In the initial scenario we are focusing on–patients with an already-detected nodule, Micronoma needs to be able to provide a high-degree of sensitivity as it is crucial to not send a patient with active lung cancer home without treatment. We are targeting 97% or above sensitivity. While this may come at the cost of lower specificity in this smaller size population where one flag is already raised (presence of a nodule), it is important to ensure that the cancer does not remain undefined any longer because time is of the essence once the nodule is observed.
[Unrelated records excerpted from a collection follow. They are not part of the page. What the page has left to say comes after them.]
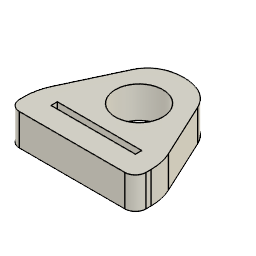
PTFE springsteel holder (Autodesk Fusion 360 design; units mm, degrees)
Autodesk Fusion 360 part; units mm, degrees
sketch "Skizze1" plane through (0, 0, 0) normal (0, 0, 1) x (1, 0, 0)
  line L0 (0, 0) -> (8, 0)
  line L1 (8, 0) -> (8, 0.6)
  line L2 (8, 0.6) -> (0, 0.6)
  line L3 (0, 0.6) -> (0, 0)
  circle A0 centre (4, 4.35) radius 2.25
  line L4 (-1, -2) -> (9, -2)
  line L5 (10, -1) -> (10, -0.5092)
  line L6 (-2, -1) -> (-2, -0.5092)
  line L7 (-1.5309, 1.6052) -> (0.8971, 6.808)
  line L8 (9.5309, 1.6052) -> (7.1029, 6.808)
  arc A1 (5.3069, 8.3939) -> (2.6931, 8.3939) centre (4, 4.3499) ccw
  arc A2 (-1.5309, 1.6052) -> (-2, -0.5092) centre (3, -0.5092) ccw
  arc A3 (10, -0.5092) -> (9.5309, 1.6052) centre (5, -0.5092) ccw
  arc A4 (-2, -1) -> (-1, -2) centre (-1, -1) ccw
  arc A5 (9, -2) -> (10, -1) centre (9, -1) ccw
  arc A6 (7.1029, 6.808) -> (5.3069, 8.3939) centre (4.3844, 5.5393) ccw
  arc A7 (2.6931, 8.3939) -> (0.8971, 6.808) centre (3.6156, 5.5393) ccw
  dimension "d1" = 8
  dimension "d2" = 0.6
  dimension "d3" = 4.5
  dimension "d14" = 5
  dimension "d15" = 5
  dimension "d16" = 1
  dimension "d17" = 1
  dimension "d18" = 3
  dimension "d19" = 3
  constraint horizontal L0
  constraint vertical L1
  constraint horizontal L2
  constraint vertical L3
  constraint coincident L0.start L3.end
  constraint tangent L6 A2
  constraint tangent L7 A2
  constraint tangent L5 A3
  constraint tangent L8 A3
  constraint tangent L4 A4
  constraint tangent L6 A4
  constraint tangent L4 A5
  constraint tangent L5 A5
  constraint tangent L8 A6
  constraint tangent A1 A6
  constraint tangent L7 A7
  constraint tangent A1 A7
  measures "d1" distance of L0.start L0.end
  measures "d2" distance of L0.start L2.end
  measures "d3" diameter of A0
  measures "d14" radius of A2
  measures "d15" radius of A3
  measures "d16" radius of A4
  measures "d17" radius of A5
  measures "d18" radius of A6
  measures "d19" radius of A7
extrude "Extrusion1" add sketch "Skizze1" along normal blind 2
extrude "Extrusion2" add 1 faces at (5.3333, -1.3333, 2) along direction (0, 0, 1) blind 1
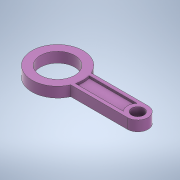
# Autodesk Inventor part: 偏心轮外连接件
Saved by Autodesk Inventor 2022 (Build 260153000, 153)
## iProperties
Created: 2022-05-21
Part Number: 偏心轮外连接件
Material: 常规
Document SubType Name: Modeling
Designer: zhcne
Density: 1 g/cm^3
Appearance: 默认
Author: zhcne
Autodesk Inventor part; units mm, degrees
ref_plane "XZ Plane" through (0, 0, 0) normal (0, 1, 0) x (-1, 0, 0)
ref_plane "XY Plane" through (0, 0, 0) normal (0, 0, 1) x (1, 0, 0)
sketch "草图1" plane through (0, 0, 0) normal (0, 1, 0) x (-1, 0, 0)
  circle A0 centre (0, 0) radius 10.1
  circle A1 centre (0, 0) radius 15
  dimension "d0" = 20.2
  dimension "d1" = 30
  constraints: 2 centre point, 2 coincident
  measures "d0" diameter of A0
  measures "d1" diameter of A1
extrude "拉伸1" add sketch "草图1" along normal blind 6
ref_plane "工作平面1" through (12, 0, 0) normal (1, 0, 0) x (0, 1, 0)
sketch "草图2" plane through (12, 0, 0) normal (1, 0, 0) x (0, 1, 0)
  line L0 (6, -15) -> (6, 15) construction
  line L1 (6, -6) -> (0, -6)
  line L2 (0, -6) -> (0, 6) construction
  line L3 (0, -15) -> (0, 15) construction
  line L4 (6, 6) -> (6, -6) construction
  line L5 (0, 6) -> (6, 6)
  line L6 (6, 0) -> (0, 0)
  line L7 (6, 6) -> (6, 4)
  line L8 (6, 4) -> (4.75, 4)
  line L9 (4.75, 4) -> (4.75, -4)
  line L10 (4.75, -4) -> (6, -4)
  line L11 (6, -4) -> (6, -6)
  line L12 (0, -6) -> (0, -4)
  line L13 (1.25, -4) -> (0, -4)
  line L14 (1.25, -4) -> (1.25, 4)
  line L15 (1.25, 4) -> (0, 4)
  line L16 (0, 6) -> (0, 4)
  line L17 (3, 6) -> (3, -6)
  dimension "d5" = 12
  dimension "d6" = 2
  dimension "d7" = 3.5
  constraints: 32 end point, 6 point on line, 5 collinear, 5 horizontal, 4 perpendicular, 3 midpoint, 1 vertical, 2 other
  measures "d5" distance between parallel lines of L1 L5
  measures "d6" distance between parallel lines of L1 L10
  measures "d7" distance between parallel lines of L14 L9
extrude "拉伸2" add sketch "草图2" along normal blind 35
sketch "草图3" plane through (0, 0, 0) normal (0, 1, 0) x (-1, 0, 0)
  line L0 (-47, 4) -> (-47, -4) projected
  circle A0 centre (-47, 0) radius 6
  circle A1 centre (-47, 0) radius 3.6
  point P0 (0, 0)
  point P1 (-47, -6)
  dimension "d10" = 7.2
  constraints: 1 centre point, 1 coincident, 1 midpoint, 1 vertical alignment, 2 other
  measures "d10" diameter of A1
extrude "拉伸3" cut sketch "草图3" along normal mid plane 35 contours A1 L0 | L0 A1
extrude "拉伸4" add sketch "草图3" along normal blind 6
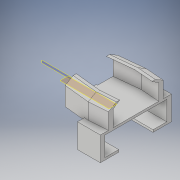
# Autodesk Inventor part: ESCFixation
Saved by Autodesk Inventor 2019 (Build 230136000, 136)
## iProperties
Created: 2018-09-20
Part Number: ESCFixation
Material: Generico
Document SubType Name: Modeling
Designer: acorbeau
Density: 1 g/cm^3
Appearance: Default
Author: acorbeau
Autodesk Inventor part; units mm, degrees
ref_plane "YZ Plane" through (0, 0, 0) normal (1, 0, 0) x (0, 1, 0)
ref_plane "XZ Plane" through (0, 0, 0) normal (0, 1, 0) x (-1, 0, 0)
ref_plane "XY Plane" through (0, 0, 0) normal (0, 0, 1) x (1, 0, 0)
sketch "Esquisse3" plane through (0, 0, 0) normal (0, 1, 0) x (-1, 0, 0)
  line L0 (0, 0) -> (11.196, -1.161)
  line L1 (11.196, -1.161) -> (11.196, -3.161)
  line L2 (11.196, -3.161) -> (0, -2)
  line L3 (0, -2) -> (-8.226, -2.628)
  line L4 (-8.226, -2.628) -> (-8.226, -0.628)
  line L5 (-8.226, -0.628) -> (0, 0)
  line L6 (0, 0) -> (0, -2) construction
  dimension "d10" = 0.628
  dimension "d11" = 1.161
  dimension "d12" = 11.256
  dimension "d13" = 8.226
  dimension "d14" = 2
  constraints: 14 end point, 3 parallel, 2 vertical
  measures "d10" vertical distance of L0.start L4.end
  measures "d11" vertical distance of L0.start L0.end
  measures "d12" distance of L0.start L0.end
  measures "d13" horizontal distance of L0.start L4.end
  measures "d14" distance of L0.end L1.end
extrude "Extrusion1" add sketch "Esquisse3" along normal blind 8
ref_plane "Plan de construction1" through (0, 10, 0) normal (0, 1, 0) x (1, 0, 0)
sketch "Esquisse4" plane through (0, 10, 0) normal (0, 1, 0) x (1, 0, 0)
  line L0 (8.226, 0.628) -> (8.226, 2.628) construction
  line L1 (8.226, 2.628) -> (0, 2) construction
  line L2 (8.226, 2.628) -> (0, 2) construction
  line L3 (0, 2) -> (-11.196, 3.161) construction
  line L4 (0, 2) -> (-11.196, 3.161) construction
  line L5 (-11.196, 3.161) -> (-11.196, 4.661) construction
  line L6 (-11.196, 4.661) -> (0, 3.5)
  line L7 (0, 3.5) -> (8.226, 4.128)
  line L8 (8.226, 2.628) -> (8.226, 4.128) construction
  line L9 (0, 2) -> (0, 3.5) construction
  line L10 (-11.196, 4.661) -> (-11.196, 6.0463)
  line L11 (-11.196, 6.0463) -> (-0.0003, 4.8853)
  line L12 (-0.0003, 4.8853) -> (8.226, 5.5133)
  line L13 (8.226, 5.5133) -> (8.226, 4.128)
  point P0 (0, 0)
  dimension "d18" = 1.5
  dimension "d19" = 1.5
  dimension "d20" = 1.5
  constraints: 22 end point, 4 vertical, 3 parallel, 2 collinear, 1 point on line
  measures "d18" distance of L7.end L0.end
  measures "d19" distance of L6.end L1.end
  measures "d20" distance of L5.end L3.end
loft "Lissage1" add profiles "Esquisse4" section 1 edges at (-5.598, 8, -0.5805) (4.113, 8, -0.314) (8.226, 8, -1.628) (4.113, 8, -2.314) (-5.598, 8, -2.5805) (-11.196, 8, -2.161)
sketch "Esquisse9" plane through (0, 0, 0) normal (0, -1, 0) x (1, 0, 0)
  line L0 (8.226, -0.628) -> (0, 0) projected
  line L1 (8.226, -0.628) -> (0, 0)
  line L2 (0, 0) -> (-11.196, -1.161) projected
  line L3 (0, 0) -> (-11.196, -1.161)
  line L4 (-11.196, -1.161) -> (-11.196, -22.84)
  line L5 (-11.196, -22.84) -> (0, -24)
  line L6 (0, -24) -> (8.226, -23.371)
  line L7 (8.226, -0.628) -> (8.226, -2.628) projected
  line L8 (8.226, -23.371) -> (8.226, -0.628)
  line L9 (0, 0) -> (0, -24) construction
  dimension "d29" = 24
  dimension "d30" = 22.743
  dimension "d31" = 21.679
  constraints: 14 end point, 3 collinear, 2 vertical
  measures "d29" distance of L0.end L5.end
  measures "d30" distance of L6.end L0.start
  measures "d31" distance of L2.end L4.end
extrude "Extrusion2" add sketch "Esquisse9" against normal blind 1
sketch "Esquisse10" plane through (0, 0, 0) normal (0, -1, 0) x (1, 0, 0)
  line L0 (8.226, -15.371) -> (-11.774, -15.371)
  line L1 (-11.774, -15.371) -> (-11.774, -8.628)
  line L2 (-11.774, -8.628) -> (8.226, -8.628)
  line L3 (8.226, -8.628) -> (8.226, -15.371)
  point P0 (8.226, -23.371)
  point P1 (8.226, -0.628)
  dimension "d34" = 8
  dimension "d35" = 8
  dimension "d36" = 20
  constraints: 8 end point, 2 parallel, 1 horizontal, 1 perpendicular, 1 point on line
  measures "d34" distance of point (8.226, -23.371) L0.start
  measures "d35" distance of point (8.226, -0.628) L2.end
  measures "d36" distance of L0.start L0.end
extrude "Extrusion3" add sketch "Esquisse10" against normal blind 1
ref_plane "Plan de construction3" through (-11.196, 0, -12.5995) normal (0, 0, -1) x (-1, 0, 0)
mirror "Symétrie2" about plane through (-11.196, 0, -12.5995) normal (0, 0, -1) of "Extrusion1", "Lissage1"
sketch "Esquisse11" plane through (0, 0, 0) normal (0, -1, 0) x (1, 0, 0)
  line L0 (8.226, -28.0995) -> (-1.774, -28.0995)
  line L1 (-1.774, -28.0995) -> (-1.774, 2.9005)
  line L2 (-1.774, 2.9005) -> (8.226, 2.9005)
  line L3 (8.226, 2.9005) -> (8.226, -28.0995) construction
  line L4 (8.226, -28.0995) -> (8.226, -24.571)
  line L5 (8.226, -24.571) -> (8.226, -0.628) projected
  line L6 (8.226, -0.628) -> (8.226, 2.9005)
  point P0 (0, 0)
  dimension "d40" = 31
  dimension "d41" = 10
  constraints: 12 end point, 3 collinear, 2 parallel, 1 horizontal, 1 perpendicular, 1 point on line
  measures "d40" distance of L2.end L0.start
  measures "d41" distance of L0.start L0.end
extrude "Extrusion4" add sketch "Esquisse11" against normal blind 1
sketch "Esquisse12" plane through (0, 0, 0) normal (0, -1, 0) x (1, 0, 0)
  line L0 (8.226, -28.0995) -> (-1.774, -28.0995) projected
  line L1 (8.226, -28.0995) -> (-1.774, -28.0995)
  line L2 (-1.774, -28.0995) -> (-1.774, -26.0995)
  line L3 (-1.774, -28.0995) -> (-1.774, -25.015) construction
  line L4 (8.226, -24.571) -> (8.226, -28.0995) construction
  line L5 (8.226, -26.0995) -> (-1.774, -26.0995)
  line L6 (8.226, -28.0995) -> (8.226, -26.0995)
  point P0 (0, 0)
  dimension "d44" = 2
  constraints: 8 end point, 2 perpendicular, 2 point on line, 1 collinear
  measures "d44" distance of L0.end L2.end
extrude "Extrusion5" add sketch "Esquisse12" along normal blind 8.5
mirror "Symétrie3" about plane through (-11.196, 0, -12.5995) normal (0, 0, -1) of "Extrusion5"
sketch "Esquisse13" plane through (0, -8.5, 0) normal (0, -1, 0) x (1, 0, 0)
  line L0 (8.226, -24.571) -> (8.226, -28.0995) projected
  line L1 (-1.774, 2.9005) -> (8.226, 2.9005) projected
  line L2 (8.226, -28.0995) -> (-1.774, -28.0995)
  line L3 (-1.774, -28.0995) -> (-1.774, 2.9005)
  line L4 (-1.774, 2.9005) -> (8.226, 2.9005)
  line L5 (8.226, 2.9005) -> (8.226, -28.0995)
  point P0 (0, 0)
  constraints: 8 end point, 2 parallel, 1 horizontal, 1 perpendicular
extrude "Extrusion6" add sketch "Esquisse13" along normal blind 1
sketch "Esquisse14" plane through (0, -9.5, 0) normal (0, -1, 0) x (1, 0, 0)
  line L0 (-1.774, -26.0995) -> (-1.774, 0.9005) construction
  line L1 (8.226, 0.9005) -> (8.226, -26.0995) construction
  line L2 (-1.774, -20.0995) -> (8.226, -20.0995)
  line L3 (8.226, -20.0995) -> (8.226, -5.0995)
  line L4 (8.226, -5.0995) -> (-1.774, -5.0995)
  line L5 (-1.774, -5.0995) -> (-1.774, -20.0995)
  line L6 (-1.774, -28.0995) -> (8.226, -28.0995) construction
  line L7 (8.226, 2.9005) -> (-1.774, 2.9005) construction
  line L8 (-1.774, -20.0995) -> (-1.774, -5.0995)
  line L9 (8.226, -5.0995) -> (8.226, -20.0995)
  point P0 (0, 0)
  dimension "d49" = 8
  dimension "d50" = 8
  constraints: 12 end point, 3 parallel, 2 point on line, 1 collinear, 1 horizontal, 1 perpendicular
  measures "d49" distance between parallel lines of L6 L2
  measures "d50" distance between parallel lines of L7 L4
extrude "Extrusion7" cut sketch "Esquisse14" against normal blind 1
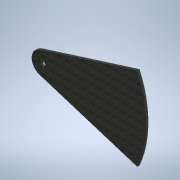
# Autodesk Inventor part: pendulumCompound
Saved by Autodesk Inventor 2020 (Build 240168000, 168)
## iProperties
Created: 2020-06-14
Part Number: pendulumCompound
Material: Steel
Document SubType Name: Modeling
Designer: Freeman
Mass: 1.07551e+06 g
Surface Area: 58450.5 cm^2
Volume: 137008 cm^3
Density: 7.85 g/cm^3
Appearance: Plate
Author: Freeman
Autodesk Inventor part; units mm, degrees
ref_plane "YZ Plane" through (0, 0, 0) normal (1, 0, 0) x (0, 1, 0)
ref_plane "XZ Plane" through (0, 0, 0) normal (0, 1, 0) x (-1, 0, 0)
ref_plane "XY Plane" through (0, 0, 0) normal (0, 0, 1) x (1, 0, 0)
sketch "Sketch3" plane through (0, 0, 0) normal (0, 0, 1) x (1, 0, 0)
  circle A0 centre (0, 0) radius 50
  arc A1 (-75.1764, 238.4292) -> (-75.1764, -238.4292) centre (0, 0) ccw
  arc A2 (2057.3995, -910.8278) -> (2057.3995, 910.8278) centre (0, 0) ccw
  line L0 (-75.1764, 238.4292) -> (2057.3995, 910.8278)
  line L1 (-75.1764, -238.4292) -> (2057.3995, -910.8278)
  line L2 (0, 0) -> (2250, 0)
  dimension "d8" = 100
  dimension "d9" = 500
  dimension "d10" = 4500
  dimension "d11" = 35
  constraints: 6 end point, 5 point on circle, 3 centre point, 3 coincident, 2 tangent, 1 horizontal
  measures "d8" diameter of A0
  measures "d9" diameter of A1
  measures "d10" diameter of A2
  measures "d11" angle of L1 L0
extrude "Extrusion1" add sketch "Sketch3" along normal mid plane 50
body "Solid1"

The demands being placed on machine learning have grown more intense as Micronoma and others seek answers from larger data sets. As an example, the Human Genome Project used machine learning to map 23,000 human genes. In contrast, there are more than 2 million microbial genes to be analyzed. The 100-fold magnitude is quite considerable. While mapping the human genome required the machine learning equivalent of a 10 lumen night light, Micronoma’s machine learning process is shining a 1,000 lumen light on the microbiome to reveal the relationships between microbes and cancer.
Without giving everything away, Micronoma is using a proprietary workflow that utilizes machine learning to be able to read through all these previously unmined data sets of microbial origins and get a meaningful interpretation out of it.
While Micronoma is doing some in depth stride on the “wet lab” protocols, machine learning done in the “dry lab” continues to be a key focus of development at Micronoma to keep moving quickly toward its goal of making many microbiome-driven cancer applications a reality.